The overall increase in the number of households receiving universal credit increased by less than three per cent (2.8 per cent) over the same period.
Adding the two groups together – households with a claimant in the limited capability for work group and those receiving a disabled child element – the number of those with a deduction rose from 604,400 in September 2021 to 775,500 in August 2022, an increase of 28 per cent.
Maskell did not respond to requests to comment on the figures this week.
Disability News Service has also reported this week (see separate story) how disabled people in Scotland have spoken of cutting back on heating and food, avoiding charging their feeding pumps, and worrying about surviving the colder months, even before the onset of winter.
Research by Greater Manchester Disabled People’s Panel reported in October how disabled people were being “forgotten and effectively abandoned”, forced to rely on foodbanks, and having to cut back on how much they eat, because of the cost-of-living crisis.
And the Disability Poverty Campaign Group and the Disability Benefits Consortium warned in a letter to the prime minister in September that some disabled people were rationing their use of vital medical equipment such as oxygen concentrators, while others were turning off their heating, even if they needed it because they were unable to regulate their body temperature.

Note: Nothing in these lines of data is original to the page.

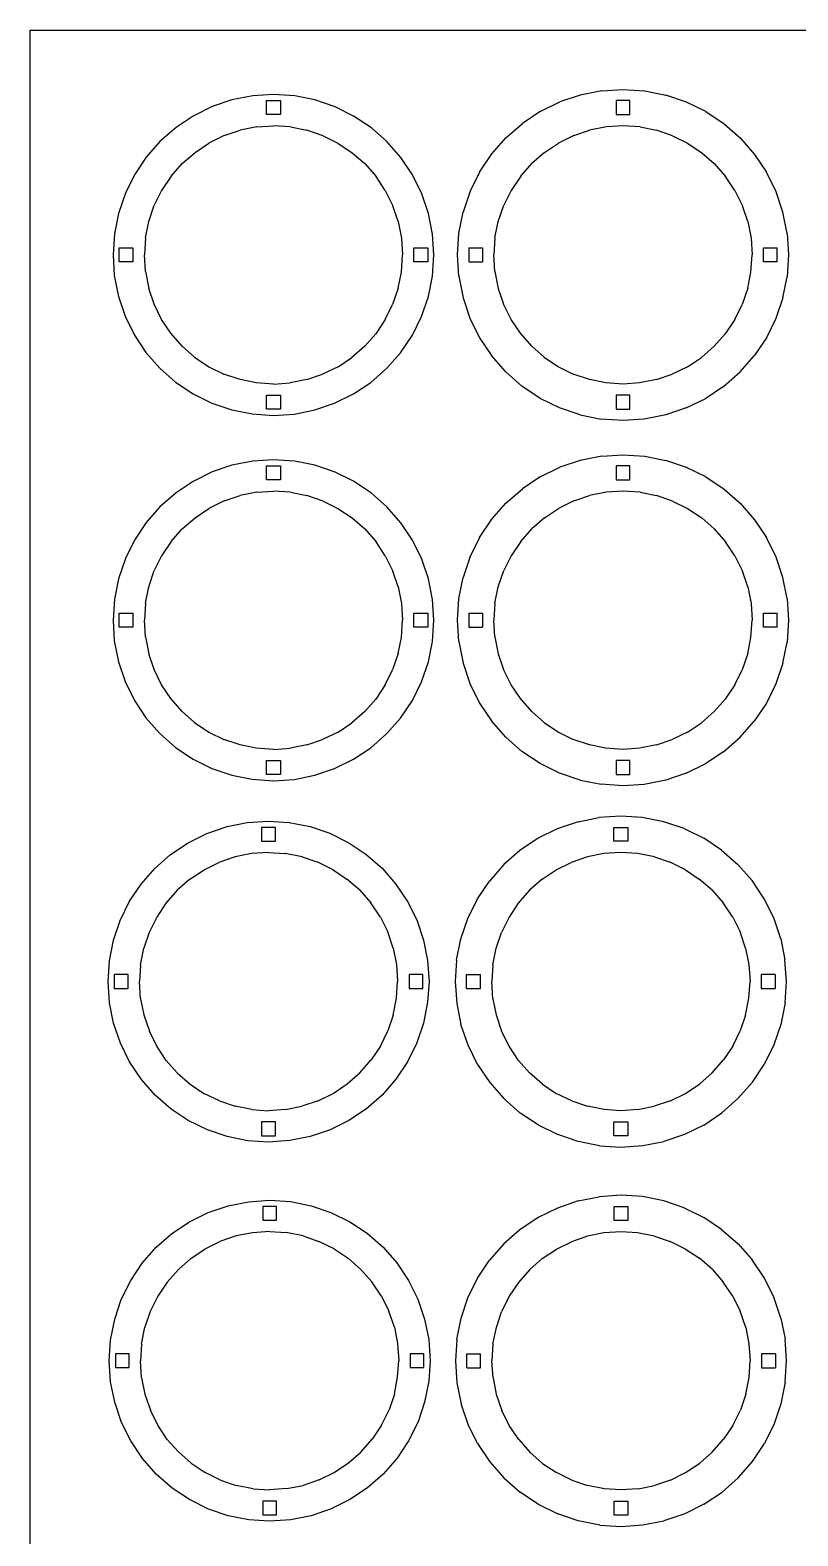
# Model space of a CAD drawing. Extents: x -2494 to 2494, y -1959 to 1959.
# Drawn here: x -2494 to -1609, y 223 to 1959 of the extents above; entities that cross this region are included whole.
import ezdxf

# ---------------------------------------------------------------- set-up
doc = ezdxf.new("R2010")
doc.units = 0
doc.header["$MEASUREMENT"] = 0
doc.layers.get('0').update_dxf_attribs({"linetype": 'CONTINUOUS'})

msp = doc.modelspace()

# ---------------------------------------------------------------- linework, layer by layer
for p, q in [((-2494.3, -1958.6), (-2494.3, 1958.6)), ((-2494.3, 1958.6), (2494.3, 1958.6)), ((-2261.7, 1878.1), (-2284.3, 1870.5)), ((-2237.6, 1882.9), (-2261.7, 1878.1)), ((-2213.8, 1884.4), (-2237.6, 1882.9)), ((-2221.8, 1877.3), (-2205.8, 1877.3)), ((-2221.8, 1861.3), (-2221.8, 1877.3)), ((-2189.3, 1882.8), (-2213.8, 1884.4)), ((-2205.8, 1877.3), (-2205.8, 1861.3)), ((-2165.9, 1878.1), (-2189.3, 1882.8)), ((-2142.7, 1870.2), (-2165.9, 1878.1)), ((-1906.3, 1864.8), (-1883.6, 1875.9)), ((-1860.3, 1883.8), (-1883.6, 1875.9)), ((-1835.4, 1888.7), (-1860.3, 1883.8)), ((-1835.4, 1888.7), (-1810.9, 1890.3)), ((-1818.8, 1877.3), (-1818.8, 1861.3)), ((-1802.8, 1877.3), (-1818.8, 1877.3)), ((-1810.9, 1890.3), (-1785.6, 1888.7)), ((-1802.8, 1861.3), (-1802.8, 1877.3)), ((-1785.6, 1888.7), (-1761.4, 1883.8)), ((-1737.5, 1875.7), (-1761.4, 1883.8)), ((-1715.4, 1864.8), (-1737.5, 1875.7)), ((-2306.3, 1859.6), (-2326.1, 1846.4)), ((-2284.3, 1870.5), (-2306.3, 1859.6)), ((-2205.8, 1861.3), (-2221.8, 1861.3)), ((-2121.3, 1859.6), (-2142.7, 1870.2)), ((-2100.9, 1846), (-2121.3, 1859.6)), ((-1906.3, 1864.8), (-1926.8, 1851.1)), ((-1818.8, 1861.3), (-1802.8, 1861.3)), ((-1715.4, 1864.8), (-1694.4, 1850.7)), ((-2326.1, 1846.4), (-2344.6, 1830.2)), ((-2270.5, 1837.1), (-2252.3, 1843.2)), ((-2232.9, 1847.1), (-2252.3, 1843.2)), ((-2232.9, 1847.1), (-2213.8, 1848.3)), ((-2194.1, 1847), (-2213.8, 1848.3)), ((-2194.1, 1847), (-2175.3, 1843.2)), ((-2156.5, 1836.8), (-2175.3, 1843.2)), ((-2083, 1830.2), (-2100.9, 1846)), ((-1945.8, 1834.4), (-1926.8, 1851.1)), ((-1867.5, 1837.1), (-1849.4, 1843.2)), ((-1830, 1847.1), (-1849.4, 1843.2)), ((-1810.9, 1848.3), (-1830, 1847.1)), ((-1791.1, 1847), (-1810.9, 1848.3)), ((-1791.1, 1847), (-1772.4, 1843.2)), ((-1753.6, 1836.8), (-1772.4, 1843.2)), ((-1694.4, 1850.7), (-1675.9, 1834.4)), ((-2344.6, 1830.2), (-2360.3, 1812.3)), ((-2304.1, 1817.7), (-2288.2, 1828.3)), ((-2270.5, 1837.1), (-2288.2, 1828.3)), ((-2156.5, 1836.8), (-2139.4, 1828.4)), ((-2139.4, 1828.4), (-2122.9, 1817.3)), ((-2066.8, 1811.8), (-2083, 1830.2)), ((-1962.1, 1815.9), (-1945.8, 1834.4)), ((-1901.2, 1817.7), (-1885.3, 1828.3)), ((-1867.5, 1837.1), (-1885.3, 1828.3)), ((-1753.6, 1836.8), (-1736.5, 1828.4)), ((-1736.5, 1828.4), (-1720, 1817.3)), ((-1675.9, 1834.4), (-1659.2, 1815.4)), ((-2360.3, 1812.3), (-2374, 1791.9)), ((-2319.1, 1804.7), (-2304.1, 1817.7)), ((-2122.9, 1817.3), (-2108.6, 1804.7)), ((-2053.6, 1791.9), (-2066.8, 1811.8)), ((-1976.2, 1794.9), (-1962.1, 1815.9)), ((-1901.2, 1817.7), (-1916.1, 1804.7)), ((-1720, 1817.3), (-1705.6, 1804.7)), ((-1659.2, 1815.4), (-1645.5, 1794.9)), ((-2374, 1791.9), (-2384.5, 1770.5)), ((-2331.7, 1790.3), (-2342.7, 1773.8)), ((-2331.7, 1790.3), (-2319.1, 1804.7)), ((-2108.6, 1804.7), (-2095.5, 1789.8)), ((-2084.9, 1773.9), (-2095.5, 1789.8)), ((-2042.8, 1769.9), (-2053.6, 1791.9)), ((-1976.2, 1794.9), (-1987.1, 1772.8)), ((-1928.7, 1790.3), (-1939.8, 1773.8)), ((-1928.7, 1790.3), (-1916.1, 1804.7)), ((-1705.6, 1804.7), (-1692.6, 1789.8)), ((-1682, 1773.9), (-1692.6, 1789.8)), ((-1634.4, 1772.2), (-1645.5, 1794.9)), ((-2342.7, 1773.8), (-2351.2, 1756.7)), ((-2084.9, 1773.9), (-2076.2, 1756.1)), ((-1987.1, 1772.8), (-1995.2, 1748.8)), ((-1939.8, 1773.8), (-1948.2, 1756.7)), ((-1682, 1773.9), (-1673.2, 1756.1)), ((-1626.5, 1748.9), (-1634.4, 1772.2)), ((-2384.5, 1770.5), (-2392.4, 1747.3)), ((-2357.6, 1737.9), (-2351.2, 1756.7)), ((-2070, 1738), (-2076.2, 1756.1)), ((-2035.1, 1747.3), (-2042.8, 1769.9)), ((-1954.6, 1737.9), (-1948.2, 1756.7)), ((-1667.1, 1738), (-1673.2, 1756.1)), ((-2392.4, 1747.3), (-2397.1, 1723.9)), ((-2361.3, 1719.2), (-2357.6, 1737.9)), ((-2070, 1738), (-2066.2, 1718.6)), ((-2030.4, 1723.3), (-2035.1, 1747.3)), ((-2000, 1724.7), (-1995.2, 1748.8)), ((-1958.4, 1719.2), (-1954.6, 1737.9)), ((-1667.1, 1738), (-1663.2, 1718.6)), ((-1621.5, 1724), (-1626.5, 1748.9)), ((-2397.1, 1723.9), (-2398.7, 1699.4)), ((-2361.3, 1719.2), (-2362.6, 1699.4)), ((-2028.8, 1699.5), (-2030.4, 1723.3)), ((-2001.7, 1699.4), (-2000, 1724.7)), ((-1958.4, 1719.2), (-1959.7, 1699.4)), ((-1621.5, 1724), (-1620, 1699.5)), ((-2391.7, 1691.5), (-2391.7, 1707.5)), ((-2391.7, 1707.5), (-2375.7, 1707.5)), ((-2375.7, 1707.5), (-2375.7, 1691.5)), ((-2066.2, 1718.6), (-2064.9, 1699.5)), ((-2051.9, 1707.5), (-2035.9, 1707.5)), ((-2051.9, 1691.5), (-2051.9, 1707.5)), ((-2035.9, 1707.5), (-2035.9, 1691.5)), ((-1988.7, 1707.5), (-1988.7, 1691.5)), ((-1988.7, 1707.5), (-1972.7, 1707.5)), ((-1972.7, 1707.5), (-1972.7, 1691.5)), ((-1663.2, 1718.6), (-1662, 1699.5)), ((-1649, 1707.5), (-1633, 1707.5)), ((-1649, 1691.5), (-1649, 1707.5)), ((-1633, 1691.5), (-1633, 1707.5)), ((-2398.7, 1699.4), (-2397.2, 1675.6)), ((-2375.7, 1691.5), (-2391.7, 1691.5)), ((-2361.4, 1680.3), (-2362.6, 1699.4)), ((-2066.3, 1679.7), (-2064.9, 1699.5)), ((-2035.9, 1691.5), (-2051.9, 1691.5)), ((-2030.4, 1675), (-2028.8, 1699.5)), ((-2000.1, 1674.9), (-2001.7, 1699.4)), ((-1988.7, 1691.5), (-1972.7, 1691.5)), ((-1958.4, 1680.3), (-1959.7, 1699.4)), ((-1663.3, 1679.7), (-1662, 1699.5)), ((-1633, 1691.5), (-1649, 1691.5)), ((-1620, 1699.5), (-1621.6, 1674.2)), ((-2397.2, 1675.6), (-2392.4, 1651.6)), ((-2361.4, 1680.3), (-2357.5, 1660.9)), ((-2070, 1661), (-2066.3, 1679.7)), ((-2035.1, 1651.6), (-2030.4, 1675)), ((-2000.1, 1674.9), (-1995.2, 1650)), ((-1958.4, 1680.3), (-1954.6, 1660.9)), ((-1667.1, 1661), (-1663.3, 1679.7)), ((-1626.5, 1650), (-1621.6, 1674.2)), ((-2392.4, 1651.6), (-2384.8, 1629)), ((-2351.4, 1642.8), (-2357.5, 1660.9)), ((-2070, 1661), (-2076.4, 1642.2)), ((-2043, 1628.4), (-2035.1, 1651.6)), ((-1995.2, 1650), (-1987.3, 1626.7)), ((-1954.6, 1660.9), (-1948.5, 1642.8)), ((-1667.1, 1661), (-1673.5, 1642.2)), ((-1626.5, 1650), (-1634.6, 1626.1)), ((-2342.7, 1625), (-2351.4, 1642.8)), ((-2084.9, 1625.1), (-2076.4, 1642.2)), ((-1939.7, 1625), (-1948.5, 1642.8)), ((-1681.9, 1625.1), (-1673.5, 1642.2)), ((-2384.8, 1629), (-2374, 1607)), ((-2332, 1609.1), (-2342.7, 1625)), ((-2084.9, 1625.1), (-2095.9, 1608.6)), ((-2053.6, 1607), (-2043, 1628.4)), ((-1987.3, 1626.7), (-1976.1, 1604)), ((-1929.1, 1609.1), (-1939.7, 1625)), ((-1681.9, 1625.1), (-1692.9, 1608.6)), ((-1634.6, 1626.1), (-1645.5, 1604)), ((-2374, 1607), (-2360.7, 1587.1)), ((-2319, 1594.2), (-2332, 1609.1)), ((-2108.5, 1594.2), (-2095.9, 1608.6)), ((-2067.2, 1586.6), (-2053.6, 1607)), ((-1976.1, 1604), (-1962.5, 1583.5)), ((-1916.1, 1594.2), (-1929.1, 1609.1)), ((-1705.6, 1594.2), (-1692.9, 1608.6)), ((-1645.5, 1604), (-1659.6, 1583)), ((-2360.7, 1587.1), (-2344.6, 1568.7)), ((-2304.6, 1581.6), (-2319, 1594.2)), ((-2304.6, 1581.6), (-2288.2, 1570.5)), ((-2139.3, 1570.6), (-2123.4, 1581.2)), ((-2108.5, 1594.2), (-2123.4, 1581.2)), ((-2083, 1568.7), (-2067.2, 1586.6)), ((-1945.8, 1564.5), (-1962.5, 1583.5)), ((-1901.7, 1581.6), (-1916.1, 1594.2)), ((-1901.7, 1581.6), (-1885.2, 1570.5)), ((-1736.4, 1570.6), (-1720.5, 1581.2)), ((-1705.6, 1594.2), (-1720.5, 1581.2)), ((-1675.9, 1564.5), (-1659.6, 1583)), ((-2344.6, 1568.7), (-2326.6, 1552.9)), ((-2288.2, 1570.5), (-2271, 1562.1)), ((-2139.3, 1570.6), (-2157.1, 1561.8)), ((-2101.4, 1552.5), (-2083, 1568.7)), ((-1927.3, 1548.2), (-1945.8, 1564.5)), ((-1885.2, 1570.5), (-1868.1, 1562.1)), ((-1736.4, 1570.6), (-1754.2, 1561.8)), ((-1694.9, 1547.8), (-1675.9, 1564.5)), ((-2326.6, 1552.9), (-2306.3, 1539.3)), ((-2252.3, 1555.7), (-2271, 1562.1)), ((-2233.5, 1551.9), (-2252.3, 1555.7)), ((-2213.7, 1550.6), (-2233.5, 1551.9)), ((-2213.7, 1550.6), (-2194.6, 1551.9)), ((-2175.2, 1555.7), (-2194.6, 1551.9)), ((-2175.2, 1555.7), (-2157.1, 1561.8)), ((-2121.3, 1539.3), (-2101.4, 1552.5)), ((-1906.3, 1534.1), (-1927.3, 1548.2)), ((-1849.3, 1555.7), (-1868.1, 1562.1)), ((-1830.6, 1551.9), (-1849.3, 1555.7)), ((-1810.8, 1550.6), (-1830.6, 1551.9)), ((-1791.7, 1551.9), (-1810.8, 1550.6)), ((-1772.3, 1555.7), (-1791.7, 1551.9)), ((-1772.3, 1555.7), (-1754.2, 1561.8)), ((-1694.9, 1547.8), (-1715.4, 1534.1)), ((-2306.3, 1539.3), (-2284.9, 1528.7)), ((-2284.9, 1528.7), (-2261.6, 1520.8)), ((-2221.8, 1537.6), (-2205.8, 1537.6)), ((-2221.8, 1521.6), (-2221.8, 1537.6)), ((-2205.8, 1537.6), (-2205.8, 1521.6)), ((-2165.9, 1520.8), (-2143.3, 1528.4)), ((-2143.3, 1528.4), (-2121.3, 1539.3)), ((-1884.2, 1523.2), (-1906.3, 1534.1)), ((-1818.8, 1537.6), (-1818.8, 1521.6)), ((-1802.8, 1537.6), (-1818.8, 1537.6)), ((-1802.8, 1521.6), (-1802.8, 1537.6)), ((-1738.1, 1523), (-1715.4, 1534.1)), ((-2261.6, 1520.8), (-2238.2, 1516.1)), ((-2238.2, 1516.1), (-2213.8, 1514.5)), ((-2205.8, 1521.6), (-2221.8, 1521.6)), ((-2213.8, 1514.5), (-2190, 1516)), ((-2190, 1516), (-2165.9, 1520.8)), ((-1860.2, 1515.1), (-1884.2, 1523.2)), ((-1860.2, 1515.1), (-1836.1, 1510.2)), ((-1818.8, 1521.6), (-1802.8, 1521.6)), ((-1761.4, 1515.1), (-1786.3, 1510.2)), ((-1738.1, 1523), (-1761.4, 1515.1)), ((-1810.8, 1508.6), (-1836.1, 1510.2)), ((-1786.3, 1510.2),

A DWP spokesperson declined to offer an explanation for the huge increase in households with disabled members having deductions taken from their universal credit every month, or to say if the figures were a concern for the minister for disabled people, Tom Pursglove, or to say if they were further evidence that the government and DWP needed to do more to support disabled people through the cost-of-living crisis.
But the spokesperson said in a statement: “Deductions help protect claimants from enforcement actions such as eviction, ensure priority debts such as child maintenance are still addressed and help to recover taxpayers’ money, such as when overpayments are made.
“We have to strike the right balance between ensuring those protections are in place and allowing claimants to retain as much of their award as possible for day-to-day needs.”
*They do not include payments taken off for benefit sanctions, which are described as “reductions” of benefit rather than “deductions”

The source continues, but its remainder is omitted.